Wat Lad Cam shows among others twenty eight big golden Buddha statues outside and seven huge Buddha covered with satang coins inside the great Hall containing also archeological pieces: of which two bronze drums from Ongbah (caves at 100 km) found by its Reverend Abbot now aged 62. (a)
How did you discover these two antique drums in Ongbah?
“About ten years ago I had the opportunity to meet a group of local people researching buried pieces in Ongbah caves and around. At about one meter depth they found dictinctly two drums and a lot of other pieces like a bronze small bell (b) and few bones, a cemetery place indeed. The local team was convinced to better protect the drums inside Wat Lad Cam.” (Fig. 6)
Among the findings was a skull now put inside one drum, was it the case originally?
“The skull was with other bones or objects scattered in the earth but not surely put inside a drum”
Why these dicoveries were not sent for a scientific examination at a national level?

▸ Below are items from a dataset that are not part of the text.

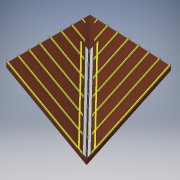
# Autodesk Inventor part: DeszkazatEsSzarufa
Saved by Autodesk Inventor 2019 (Build 230136000, 136)
## iProperties
Created: 2022-04-03
Part Number: DeszkazatEsSzarufa
Material: Generic
Document SubType Name: Modeling
Designer: laca
Density: 1 g/cm^3
Appearance: Default
Author: laca
Autodesk Inventor part; units mm, degrees
ref_plane "YZ Plane" through (0, 0, 0) normal (1, 0, 0) x (0, 1, 0)
ref_plane "XZ Plane" through (0, 0, 0) normal (0, 1, 0) x (-1, 0, 0)
ref_plane "XY Plane" through (0, 0, 0) normal (0, 0, 1) x (1, 0, 0)
sketch "Sketch1" plane through (0, 0, 0) normal (0, 0, 1) x (1, 0, 0)
  line L0 (0, 0) -> (-5247.7182, 2908.8577)
  line L1 (0, 0) -> (-5580.1481, 0)
  line L2 (0, 0) -> (-104.9544, 58.1772)
  line L3 (-104.9544, 58.1772) -> (-117.0746, 36.3117)
  line L4 (-117.0746, 36.3117) -> (-12.1202, -21.8655)
  line L5 (-12.1202, -21.8655) -> (0, 0)
  line L6 (-113.7006, 63.0253) -> (-218.6549, 121.2024)
  line L7 (-218.6549, 121.2024) -> (-230.7752, 99.3369)
  line L8 (-230.7752, 99.3369) -> (-125.8208, 41.1598)
  line L9 (-125.8208, 41.1598) -> (-113.7006, 63.0253)
  line L10 (-227.4011, 126.0505) -> (-332.3555, 184.2277)
  line L11 (-332.3555, 184.2277) -> (-344.4757, 162.3622)
  line L12 (-344.4757, 162.3622) -> (-239.5214, 104.185)
  line L13 (-239.5214, 104.185) -> (-227.4011, 126.0505)
  line L14 (-341.1017, 189.0758) -> (-446.0561, 247.2529)
  line L15 (-446.0561, 247.2529) -> (-458.1763, 225.3874)
  line L16 (-458.1763, 225.3874) -> (-353.2219, 167.2103)
  line L17 (-353.2219, 167.2103) -> (-341.1017, 189.0758)
  line L18 (-454.8022, 252.101) -> (-559.7566, 310.2782)
  line L19 (-559.7566, 310.2782) -> (-571.8769, 288.4127)
  line L20 (-571.8769, 288.4127) -> (-466.9225, 230.2355)
  line L21 (-466.9225, 230.2355) -> (-454.8022, 252.101)
  line L22 (-568.5028, 315.1263) -> (-673.4572, 373.3034)
  line L23 (-673.4572, 373.3034) -> (-685.5774, 351.4379)
  line L24 (-685.5774, 351.4379) -> (-580.6231, 293.2608)
  line L25 (-580.6231, 293.2608) -> (-568.5028, 315.1263)
  line L26 (-682.2034, 378.1515) -> (-787.1577, 436.3287)
  line L27 (-787.1577, 436.3287) -> (-799.278, 414.4632)
  line L28 (-799.278, 414.4632) -> (-694.3236, 356.286)
  line L29 (-694.3236, 356.286) -> (-682.2034, 378.1515)
  line L30 (-795.9039, 441.1768) -> (-900.8583, 499.3539)
  line L31 (-900.8583, 499.3539) -> (-912.9785, 477.4884)
  line L32 (-912.9785, 477.4884) -> (-808.0242, 419.3113)
  line L33 (-808.0242, 419.3113) -> (-795.9039, 441.1768)
  line L34 (-909.6045, 504.202) -> (-1014.5589, 562.3792)
  line L35 (-1014.5589, 562.3792) -> (-1026.6791, 540.5137)
  line L36 (-1026.6791, 540.5137) -> (-921.7247, 482.3365)
  line L37 (-921.7247, 482.3365) -> (-909.6045, 504.202)
  line L38 (-1023.3051, 567.2273) -> (-1128.2594, 625.4044)
  line L39 (-1128.2594, 625.4044) -> (-1140.3797, 603.5389)
  line L40 (-1140.3797, 603.5389) -> (-1035.4253, 545.3618)
  line L41 (-1035.4253, 545.3618) -> (-1023.3051, 567.2273)
  line L42 (-1137.0056, 630.2525) -> (-1241.96, 688.4297)
  line L43 (-1241.96, 688.4297) -> (-1254.0802, 666.5642)
  line L44 (-1254.0802, 666.5642) -> (-1149.1259, 608.387)
  line L45 (-1149.1259, 608.387) -> (-1137.0056, 630.2525)
  line L46 (-1250.7062, 693.2778) -> (-1355.6605, 751.4549)
  line L47 (-1355.6605, 751.4549) -> (-1367.7808, 729.5894)
  line L48 (-1367.7808, 729.5894) -> (-1262.8264, 671.4123)
  line L49 (-1262.8264, 671.4123) -> (-1250.7062, 693.2778)
  line L50 (-1364.4067, 756.303) -> (-1469.3611, 814.4802)
  line L51 (-1469.3611, 814.4802) -> (-1481.4813, 792.6147)
  line L52 (-1481.4813, 792.6147) -> (-1376.527, 734.4375)
  line L53 (-1376.527, 734.4375) -> (-1364.4067, 756.303)
  line L54 (-1478.1073, 819.3283) -> (-1583.0617, 877.5054)
  line L55 (-1583.0617, 877.5054) -> (-1595.1819, 855.6399)
  line L56 (-1595.1819, 855.6399) -> (-1490.2275, 797.4628)
  line L57 (-1490.2275, 797.4628) -> (-1478.1073, 819.3283)
  line L58 (-1591.8079, 882.3535) -> (-1696.7622, 940.5307)
  line L59 (-1696.7622, 940.5307) -> (-1708.8825, 918.6652)
  line L60 (-1708.8825, 918.6652) -> (-1603.9281, 860.488)
  line L61 (-1603.9281, 860.488) -> (-1591.8079, 882.3535)
  line L62 (-1705.5084, 945.3788) -> (-1810.4628, 1003.5559)
  line L63 (-1810.4628, 1003.5559) -> (-1822.583, 981.6904)
  line L64 (-1822.583, 981.6904) -> (-1717.6287, 923.5133)
  line L65 (-1717.6287, 923.5133) -> (-1705.5084, 945.3788)
  line L66 (-1819.209, 1008.404) -> (-1924.1634, 1066.5812)
  line L67 (-1924.1634, 1066.5812) -> (-1936.2836, 1044.7157)
  line L68 (-1936.2836, 1044.7157) -> (-1831.3292, 986.5385)
  line L69 (-1831.3292, 986.5385) -> (-1819.209, 1008.404)
  line L70 (-1932.9096, 1071.4293) -> (-2037.8639, 1129.6064)
  line L71 (-2037.8639, 1129.6064) -> (-2049.9842, 1107.7409)
  line L72 (-2049.9842, 1107.7409) -> (-1945.0298, 1049.5638)
  line L73 (-1945.0298, 1049.5638) -> (-1932.9096, 1071.4293)
  line L74 (-2046.6101, 1134.4545) -> (-2151.5645, 1192.6317)
  line L75 (-2151.5645, 1192.6317) -> (-2163.6847, 1170.7662)
  line L76 (-2163.6847, 1170.7662) -> (-2058.7304, 1112.589)
  line L77 (-2058.7304, 1112.589) -> (-2046.6101, 1134.4545)
  line L78 (-2160.3107, 1197.4798) -> (-2265.265, 1255.6569)
  line L79 (-2265.265, 1255.6569) -> (-2277.3853, 1233.7914)
  line L80 (-2277.3853, 1233.7914) -> (-2172.4309, 1175.6143)
  line L81 (-2172.4309, 1175.6143) -> (-2160.3107, 1197.4798)
  line L82 (-2274.0112, 1260.505) -> (-2378.9656, 1318.6822)
  line L83 (-2378.9656, 1318.6822) -> (-2391.0858, 1296.8167)
  line L84 (-2391.0858, 1296.8167) -> (-2286.1315, 1238.6395)
  line L85 (-2286.1315, 1238.6395) -> (-2274.0112, 1260.505)
  line L86 (-2387.7118, 1323.5303) -> (-2492.6662, 1381.7074)
  line L87 (-2492.6662, 1381.7074) -> (-2504.7864, 1359.8419)
  line L88 (-2504.7864, 1359.8419) -> (-2399.832, 1301.6648)
  line L89 (-2399.832, 1301.6648) -> (-2387.7118, 1323.5303)
  line L90 (-2501.4124, 1386.5555) -> (-2606.3667, 1444.7327)
  line L91 (-2606.3667, 1444.7327) -> (-2618.487, 1422.8672)
  line L92 (-2618.487, 1422.8672) -> (-2513.5326, 1364.69)
  line L93 (-2513.5326, 1364.69) -> (-2501.4124, 1386.5555)
  line L94 (-2615.1129, 1449.5808) -> (-2720.0673, 1507.7579)
  line L95 (-2720.0673, 1507.7579) -> (-2732.1875, 1485.8924)
  line L96 (-2732.1875, 1485.8924) -> (-2627.2332, 1427.7153)
  line L97 (-2627.2332, 1427.7153) -> (-2615.1129, 1449.5808)
  line L98 (-2728.8135, 1512.606) -> (-2833.7679, 1570.7832)
  line L99 (-2833.7679, 1570.7832) -> (-2845.8881, 1548.9177)
  line L100 (-2845.8881, 1548.9177) -> (-2740.9337, 1490.7405)
  line L101 (-2740.9337, 1490.7405) -> (-2728.8135, 1512.606)
  line L102 (-2842.514, 1575.6313) -> (-2947.4684, 1633.8084)
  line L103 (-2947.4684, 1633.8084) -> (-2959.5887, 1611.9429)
Baseboard end stop (Autodesk Fusion 360 design; units mm, degrees)
Autodesk Fusion 360 part; units mm, degrees
sketch "Sketch1" plane through (0, 0, 0) normal (0, 0, 1) x (1, 0, 0)
  line L0 (0, 0) -> (85, 0)
  line L1 (85, 0) -> (85, 10)
  line L2 (85, 10) -> (0, 10)
  line L3 (0, 10) -> (0, 0)
  dimension "d1" = 85
  dimension "d2" = 10
  constraint horizontal L0
  constraint vertical L1
  constraint horizontal L2
  constraint vertical L3
  constraint coincident L0.start L3.end
  measures "d1" distance of L0.start L0.end
  measures "d2" distance of L0.start L2.end
sketch "Sketch2" plane through (0, 0, 0) normal (0, 0, 1) x (1, 0, 0)
  line L0 (-0.1614, 75.5661) -> (84.7889, 75.5661)
  line L1 (84.7889, 75.5661) -> (84.7889, 51.9288)
  line L2 (84.7889, 51.9288) -> (-0.1614, 51.9288)
  line L3 (-0.1614, 51.9288) -> (-0.1614, 75.5661)
  line L4 (101.1356, 28.4435) -> (146.0932, 28.5966)
  spline S0 degree 2 poles (146.0932, 28.5966) (146.4207, 28.6282) (146.6949, 28.9321) knots 0 0 0 1 1 1
  spline S1 degree 2 poles (146.6949, 28.9321) (146.9692, 29.236) (147.6482, 30.13) knots 0 0 0 1 1 1
  spline S2 degree 2 poles (147.6482, 30.13) (148.1849, 30.9015) (149.5583, 30.5785) knots 0 0 0 1 1 1
  spline S3 degree 2 poles (149.5583, 30.5785) (153.6429, 28.642) (156.9825, 32.6978) knots 0 0 0 1 1 1
  line L5 (156.9825, 32.6978) -> (157.6246, 33.353)
  spline S4 degree 2 poles (157.6246, 33.353) (160.1812, 36.1272) (164.5464, 34.2758) knots 0 0 0 1 1 1
  spline S5 degree 2 poles (164.5464, 34.2758) (165.5295, 33.8381) (166.3419, 34.2776) knots 0 0 0 1 1 1
  spline S6 degree 2 poles (166.3419, 34.2776) (166.8177, 34.5478) (167.1305, 34.8437) knots 0 0 0 1 1 1
  spline S7 degree 2 poles (167.1305, 34.8437) (167.4433, 35.1397) (168.5542, 36.1845) knots 0 0 0 1 1 1
  line L6 (168.5542, 36.1845) -> (169.6479, 37.2491)
  spline S8 degree 2 poles (169.6479, 37.2491) (170.01, 37.4964) (170.1507, 38.2343) knots 0 0 0 1 1 1
  spline S9 degree 2 poles (170.1507, 38.2343) (170.2914, 38.9722) (171.1167, 45.0927) knots 0 0 0 1 1 1
  spline S10 degree 2 poles (171.1167, 45.0927) (171.1842, 46.5468) (169.5755, 46.506) knots 0 0 0 1 1 1
  spline S11 degree 2 poles (169.5755, 46.506) (167.9668, 46.4652) (164.4434, 46.4273) knots 0 0 0 1 1 1
  line L7 (164.4434, 46.4273) -> (128.4167, 45.746)
  line L8 (128.4167, 45.746) -> (101.2514, 45.4119)
  line L9 (101.2514, 45.4119) -> (101.1356, 28.4435)
extrude "Extrude1" add sketch "Sketch2" along normal blind 1 contours L4 S0 S1 S2 S3 L5 S4 S5 S6 S7 L6 S8 S9 S10 S11 L7 L8 L9

“A lot of things already disappeared during other findings and it is the honour of Wat Lad Cam to protect them better. We want not to repeat the problems known for example during the Thai-Danish missions at the end of the late century (“robberies”).”
Do you think that other drums remain unearthed in Ongbah?
“Other findings have already been stolen and we were told that treasure hunters could remain active with more sophisticated tools in the cave(s) or nearby, for smuggling in Bangkok or abroad.”
How do you explain the large number of bronze drums found around Ongbah?
“No doubt that before the coming of new beliefs (i.e. Hinduism and Buddhism) at the beginning of CE animist people of Ongbah was very fond to use drums at least for funeral purposes as demonstrated, if not to organize their large distribution as supposed by many scholars, probably for both reasons.”
As Abbot how do you consider these drums as far as they correspond to animist beliefs?
“We must not mix the two aspects; bronze drums were part of antique cultures before the coming (from India) of Buddhism always open to any respectable thinking. Drums came probably from the north but we must convince the local people of their (precious) historical importance and stop any smuggling. As we try to do it in our small museum open to all visitors in our great Hall.”